This is an automated email from the ASF dual-hosted git repository.
wenchen pushed a commit to branch master
in repository https://gitbox.apache.org/repos/asf/spark.git
The following commit(s) were added to refs/heads/master by this push:
new 171e2ce7d117 [SPARK-50373] Prohibit Variant from set operations
171e2ce7d117 is described below
commit 171e2ce7d1176e48e29112fb8e4390bc5426a1d8
Author: Harsh Motwani <[email protected]>
AuthorDate: Tue Dec 3 02:15:57 2024 +0800
[SPARK-50373] Prohibit Variant from set operations
### What changes were proposed in this pull request?
Prior to this PR, Variant columns could be used with set operations like
`DISTINCT`, `INTERSECT` and `EXCEPT`. This PR prohibits this behavior since
Variant is not orderable.
### Why are the changes needed?
Variant equality is not defined, and therefore, these operations are also
undefined.
### Does this PR introduce _any_ user-facing change?

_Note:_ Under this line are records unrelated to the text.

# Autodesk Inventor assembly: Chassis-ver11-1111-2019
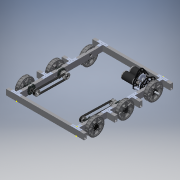
[picture p0: Inventor's stored thumbnail of the model, 180x180]
Saved by Autodesk Inventor 2018 (Build 220112000, 112)
## iProperties
Created: 2019-10-10
Part Number: Chassis-ver11-1111-2019
Document SubType Name: Assembly
Designer: JMHal
Author: JMHal
## Documents named in this file (26)
- E:\GrabCad\2020 Infinite Recharge\Chassis\Assembly\Chassis-ver11-1111-2019.iam
- E:\GrabCad\2020 Infinite Recharge\Chassis\Parts\2x1 20in Alluminum with Cal Drop.ver1-1111-2019.ipt
- E:\GrabCad\2020 Infinite Recharge\Chassis\Parts\2x1 20in Alluminum.ver1-1111-2019.ipt
- E:\GrabCad\2020 Infinite Recharge\Chassis\Parts\2x1 2in Alluminum Block.ver1-1111-2019.ipt
- E:\GrabCad\Resources\VEXpro Resources\Bearings\0.5inHexFlangedBearing(1.125inx0.313in)-1111-2016.ipt
- E:\GrabCad\Resources\VEXpro Resources\Versa Motion\VersaBlockKit-1111-2016.ipt
- E:\GrabCad\Resources\VEXpro Resources\Shafts\0.5inThunderHexShaft(8)-1111-2016.ipt
- E:\GrabCad\Resources\VEXpro Resources\Gearboxes\WCP SS Gearbox\SS-Gearbox.iam
- E:\GrabCad\Resources\VEXpro Resources\Gussets\ChassisGusset-1111-2016.ipt
- E:\GrabCad\2020 Infinite Recharge\Chassis\Parts\ElectricalBoard.ver1-1111-2019.ipt
- E:\GrabCad\Resources\VEXpro Resources\Spacers\0.5inAcetalSpace(0.5inHex)-1111-2016.ipt
- E:\GrabCad\Resources\VEXpro Resources\Spacers\0.5inAcetalSpace(0.5inHex)-1111-2016_MIR.ipt
- E:\GrabCad\Resources\VEXpro Resources\Versa Motion\Timing Pulleys\TimingPulley30T15mmDoubleFlange(0.5inHex)-1111-2017.ipt
- E:\GrabCad\Resources\VEXpro Resources\Spacers\0.25inAcetalSpacer(0.5inHex)-1111-2016.ipt
- E:\GrabCad\Resources\VEXpro Resources\Spacers\0.125inAcetalSpacer(0.5inHex)-1111-2016.ipt
- E:\GrabCad\Resources\VEXpro Resources\Spacers\0.0625inAcetalSpacer(0.5inHex)-1111-2016.ipt
- E:\GrabCad\Resources\VEXpro Resources\Spacers\1inAcetalSpacer(0.5inHex)-1111-2016.ipt
- E:\GrabCad\Resources\VEXpro Resources\Versa Motion\Timing Pulleys\TimingPulley30T15mmDoubleFlange(0.5inHex)-1111-2017_MIR.ipt
- E:\GrabCad\Resources\VEXpro Resources\Spacers\0.25inAcetalSpacer(0.5inHex)-1111-2016_MIR.ipt
- E:\GrabCad\Resources\VEXpro Resources\Spacers\0.125inAcetalSpacer(0.5inHex)-1111-2016_MIR.ipt
- E:\GrabCad\Resources\VEXpro Resources\Spacers\0.0625inAcetalSpacer(0.5inHex)-1111-2016_MIR.ipt
- E:\GrabCad\Resources\VEXpro Resources\Spacers\1inAcetalSpacer(0.5inHex)-1111-2016_MIR.ipt
- E:\GrabCad\2020 Infinite Recharge\Chassis\Parts\BeltVer1-1111-2019.ipt
- E:\GrabCad\Resources\VEXpro Resources\Wheels\6 inch\6x1inTractionWheel-1111-2016.iam
- E:\GrabCad\2020 Infinite Recharge\Chassis\Parts\Bumbers.ver1-1111-2019.ipt
- C:\Users\Demarcus\Desktop\WCDShiftingGearboxPTO.ver1-1111-2020.iam
## Components (69 placed, 25 different names)
1. 2x1 20in Alluminum with Cal Drop.ver1-1111-2019:1 — Mate:31, Mate:32, Insert:7, Mate:51, Insert:8, Angle:2, Mate:53, Angle:9, Insert:17, Angle:10, Insert:19, Angle:11, Mate:60, Cylindrical:1, Angle:16, Flush:1, Mate:65, Mate:66, Flush:2, Mate:67, Flush:4, Flush:5, Mate:77, Mate:78, Flush:16, Flush:17, Mate:80, Flush:20, Flush:23, Symmetry:1, Flush:43, Symmetry:2, Flush:62, Mate:141
2. 2x1 20in Alluminum.ver1-1111-2019:1 — Mate:65, Mate:66, Flush:2, Mate:68, Mate:72, Mate:81, Flush:22, Mate:82, Flush:24, Flush:44, Flush:62, Mate:140, Flush:63
3. 2x1 20in Alluminum with Cal Drop.ver1-1111-2019:2 — Insert:4, Insert:5, Angle:7, Angle:8, Insert:23, Angle:13, Insert:25, Angle:14, Flush:6, Flush:8, Mate:73, Flush:9, Flush:34, Flush:35, Flush:36, Flush:37, Symmetry:1, Symmetry:2, Cylindrical:42, Mate:142, Mate:143
4. 2x1 20in Alluminum.ver1-1111-2019:2 — Mate:67, Flush:4, Flush:5, Mate:69, Flush:6, Mate:71, Mate:73, Mate:79, Flush:19, Flush:21
5. 0.5inThunderHexShaft(8)-1111-2016:1 — Cylindrical:2, Cylindrical:18
6. SS-Gearbox:2 [sub-assembly] — Mate:60, Cylindrical:1, Angle:16
7. 0.5inThunderHexShaft(8)-1111-2016:2 — Cylindrical:3, Cylindrical:16, Flush:64
8. ChassisGusset-1111-2016:1 — Mate:76, Flush:12, Flush:36
9. ChassisGusset-1111-2016:2 — Mate:75, Flush:11, Flush:35
10. ChassisGusset-1111-2016:3 — Mate:78, Flush:14, Flush:17
11. ChassisGusset-1111-2016:4 — Mate:77, Flush:15, Flush:16
12. ChassisGusset-1111-2016:5 — Mate:82, Flush:24, Flush:34
13. ChassisGusset-1111-2016:6 — Mate:81, Flush:22, Flush:23
14. ChassisGusset-1111-2016:7 — Mate:80, Flush:20, Flush:21
15. ChassisGusset-1111-2016:8 — Mate:79, Flush:19, Flush:37
16. ElectricalBoard.ver1-1111-2019:1 — Flush:43, Flush:44
17. 0.5inAcetalSpace(0.5inHex)-1111-2016:1 — Cylindrical:16, Mate:89, Cylindrical:34, Mate:130
18. 0.5inAcetalSpace(0.5inHex)-1111-2016:2 — Cylindrical:18, Mate:91, Cylindrical:35, Mate:131
19. 0.25inAcetalSpacer(0.5inHex)-1111-2016:3 — Cylindrical:36, Mate:132
20. 0.5inAcetalSpace(0.5inHex)-1111-2016_MIR:1 — Mate:119, Rotational:14, Cylindrical:38, Mate:134
21. 0.5inAcetalSpace(0.5inHex)-1111-2016_MIR:2 — Cylindrical:31, Mate:127, Rotational:15
22. 0.25inAcetalSpacer(0.5inHex)-1111-2016:4 — Cylindrical:40, Mate:136
23. TimingPulley30T15mmDoubleFlange(0.5inHex)-1111-2017:1 — Rotational:7, Mate:117
24. TimingPulley30T15mmDoubleFlange(0.5inHex)-1111-2017:2 — Rotational:3
25. TimingPulley30T15mmDoubleFlange(0.5inHex)-1111-2017:3 — Cylindrical:25, Mate:111, Rotational:2
26. 0.25inAcetalSpacer(0.5inHex)-1111-2016:1 — Cylindrical:25, Cylindrical:26, Mate:109, Mate:110, Rotational:4
27. 0.125inAcetalSpacer(0.5inHex)-1111-2016:1 — Cylindrical:26, Mate:110, Mate:111
28. 0.0625inAcetalSpacer(0.5inHex)-1111-2016:1 — Rotational:2, Rotational:3
29. 0.25inAcetalSpacer(0.5inHex)-1111-2016:2 — Rotational:6, Rotational:7
30. 1inAcetalSpacer(0.5inHex)-1111-2016:1 — Rotational:5, Rotational:6
31. TimingPulley30T15mmDoubleFlange(0.5inHex)-1111-2017_MIR:1 — Rotational:10, Mate:114, Mate:115
32. TimingPulley30T15mmDoubleFlange(0.5inHex)-1111-2017_MIR:2 — Rotational:8, Cylindrical:30, Flush:60
33. TimingPulley30T15mmDoubleFlange(0.5inHex)-1111-2017_MIR:3 — Mate:112, Cylindrical:27, Rotational:9
34. 0.25inAcetalSpacer(0.5inHex)-1111-2016_MIR:1 — Mate:113, Cylindrical:27, Cylindrical:28, Rotational:12
35. 0.125inAcetalSpacer(0.5inHex)-1111-2016_MIR:1 — Mate:112, Mate:113, Cylindrical:28
36. 0.0625inAcetalSpacer(0.5inHex)-1111-2016_MIR:1 — Rotational:8, Rotational:9
37. 0.25inAcetalSpacer(0.5inHex)-1111-2016_MIR:2 — Rotational:10, Rotational:11
38. 1inAcetalSpacer(0.5inHex)-1111-2016_MIR:1 — Rotational:11, Rotational:13
39. BeltVer1-1111-2019:1 — Mate:114, Mate:115
40. BeltVer1-1111-2019:2 — Mate:117
41. 0.5inThunderHexShaft(8)-1111-2016:3 — Cylindrical:30, Flush:60, Cylindrical:31
42. 6x1inTractionWheel-1111-2016:1 [sub-assembly] — Cylindrical:34, Mate:130, Flush:64
43. 6x1inTractionWheel-1111-2016:2 [sub-assembly] — Cylindrical:35, Mate:131
44. 6x1inTractionWheel-1111-2016:3 [sub-assembly] — Cylindrical:36, Mate:132
45. 6x1inTractionWheel-1111-2016:5 [sub-assembly] — Cylindrical:38, Mate:134
46. 6x1inTractionWheel-1111-2016:6 [sub-assembly] — Cylindrical:40, Mate:136
47. 6x1inTractionWheel-1111-2016:8 [sub-assembly] — Rotational:15
48. Bumbers.ver1-1111-2019:1 — Mate:138, Mate:139, Mate:140
49. WCDShiftingGearboxPTO.ver1-1111-2020:1 [sub-assembly] — Cylindrical:42
50. 0.5inHexFlangedBearing(1.125inx0.313in)-1111-2016:20 — Rotational:12
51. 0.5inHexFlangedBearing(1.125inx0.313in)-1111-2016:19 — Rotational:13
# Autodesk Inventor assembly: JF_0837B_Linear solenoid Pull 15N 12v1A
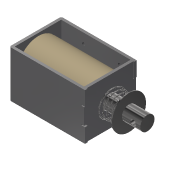
[picture p0: Inventor's stored thumbnail of the model, 180x180]
Saved by Autodesk Inventor 2018.3 (Build 223284000, 284)
## iProperties
Manager: GURSKY
Company: ltd "MRF-ENGINEERING"
Created: 2017-09-28
Part Number: JF_0837B_Linear solenoid Pull 15N 12v1A
Project: 1708
Checked By: Гурский
Engr Approved By: ---
Catalog Web Link: http://en.solenoid-bs.com/products_detail/productId=43.html
Vendor: ltd "MRF-ENGINEERING"
Document SubType Name: Assembly
Designer: Макс
Engineer: TIHONOV
Authority: GURSKY
Stock Number: BS-1684-01
Description: Linear solenoid push pull type
Title: Linear solenoid push pull type
Subject: Filling machine
Author: Макс
## Documents named in this file (4)
- C:\Vault\Projects\Imported Components\BS-1684-01_Linear solenoid\JF_0837B_Linear solenoid Pull 15N 12v1A.iam
- C:\Vault\Projects\Imported Components\BS-1684-01_Linear solenoid\BS-1684-01_Linear solenoid push pull type_Frame.ipt
- C:\Vault\Projects\Imported Components\BS-1684-01_Linear solenoid\BS-1684-01_Linear solenoid push pull type_SHTOK.ipt
- C:\Vault\Projects\Imported Components\BS-1684-01_Linear solenoid\BS-1684-01_Linear solenoid push pull type_spring.ipt
## Components (3 placed, 3 different names)
1. BS-1684-01_Linear solenoid push pull type_Frame:1 — Совмещение:1, Совмещение:2, Заподлицо:3
2. BS-1684-01_Linear solenoid push pull type_SHTOK:1 — Совмещение:1, Совмещение:2, Угол:1, Совмещение:5
3. BS-1684-01_Linear solenoid push pull type_spring:1 — Заподлицо:3, Совмещение:5
## Relationships (5: Mate 3, Angle 1, Flush 1)
- Совмещение:1 [Mate]: BS-1684-01_Linear solenoid push pull type_Frame:1 ↔ BS-1684-01_Linear solenoid push pull type_SHTOK:1
- Совмещение:2 [Mate]: BS-1684-01_Linear solenoid push pull type_Frame:1 ↔ BS-1684-01_Linear solenoid push pull type_SHTOK:1
- Угол:1 [Angle] (180 deg): BS-1684-01_Linear solenoid push pull type_SHTOK:1
- Заподлицо:3 [Flush]: BS-1684-01_Linear solenoid push pull type_Frame:1 ↔ BS-1684-01_Linear solenoid push pull type_spring:1
- Совмещение:5 [Mate]: BS-1684-01_Linear solenoid push pull type_SHTOK:1 ↔ BS-1684-01_Linear solenoid push pull type_spring:1

Yes, users will now no longer be able to perform set operations on variant
columns.
### How was this patch tested?
Unit tests
### Was this patch authored or co-authored using generative AI tooling?
No
Closes #48909 from harshmotw-db/harsh-motwani_data/variant_distinct_fix.
Authored-by: Harsh Motwani <[email protected]>
Signed-off-by: Wenchen Fan <[email protected]>
---
.../src/main/resources/error/error-conditions.json | 5 ++
.../sql/catalyst/analysis/CheckAnalysis.scala | 21 ++++++
.../spark/sql/DataFrameSetOperationsSuite.scala | 78 ++++++++++++++++++++++
3 files changed, 104 insertions(+)
diff --git a/common/utils/src/main/resources/error/error-conditions.json
b/common/utils/src/main/resources/error/error-conditions.json
index 024caf86cf94..632d43b4d105 100644
--- a/common/utils/src/main/resources/error/error-conditions.json
+++ b/common/utils/src/main/resources/error/error-conditions.json
@@ -5360,6 +5360,11 @@
"Cannot have MAP type columns in DataFrame which calls set
operations (INTERSECT, EXCEPT, etc.), but the type of column <colName> is
<dataType>."
]
},
+ "SET_OPERATION_ON_VARIANT_TYPE" : {
+ "message" : [
+ "Cannot have VARIANT type columns in DataFrame which calls set
operations (INTERSECT, EXCEPT, etc.), but the type of column <colName> is
<dataType>."
+ ]
+ },
"SET_PROPERTIES_AND_DBPROPERTIES" : {
"message" : [
"set PROPERTIES and DBPROPERTIES at the same time."
diff --git
a/sql/catalyst/src/main/scala/org/apache/spark/sql/catalyst/analysis/CheckAnalysis.scala
b/sql/catalyst/src/main/scala/org/apache/spark/sql/catalyst/analysis/CheckAnalysis.scala
index 1c76fd7d00f7..c13da35334ba 100644
---
a/sql/catalyst/src/main/scala/org/apache/spark/sql/catalyst/analysis/CheckAnalysis.scala
+++
b/sql/catalyst/src/main/scala/org/apache/spark/sql/catalyst/analysis/CheckAnalysis.scala
@@ -76,6 +76,10 @@ trait CheckAnalysis extends PredicateHelper with
LookupCatalog with QueryErrorsB
dt.existsRecursively(_.isInstanceOf[MapType])
}
+ protected def hasVariantType(dt: DataType): Boolean = {
+ dt.existsRecursively(_.isInstanceOf[VariantType])
+ }
+
protected def mapColumnInSetOperation(plan: LogicalPlan): Option[Attribute]
= plan match {
case _: Intersect | _: Except | _: Distinct =>
plan.output.find(a => hasMapType(a.dataType))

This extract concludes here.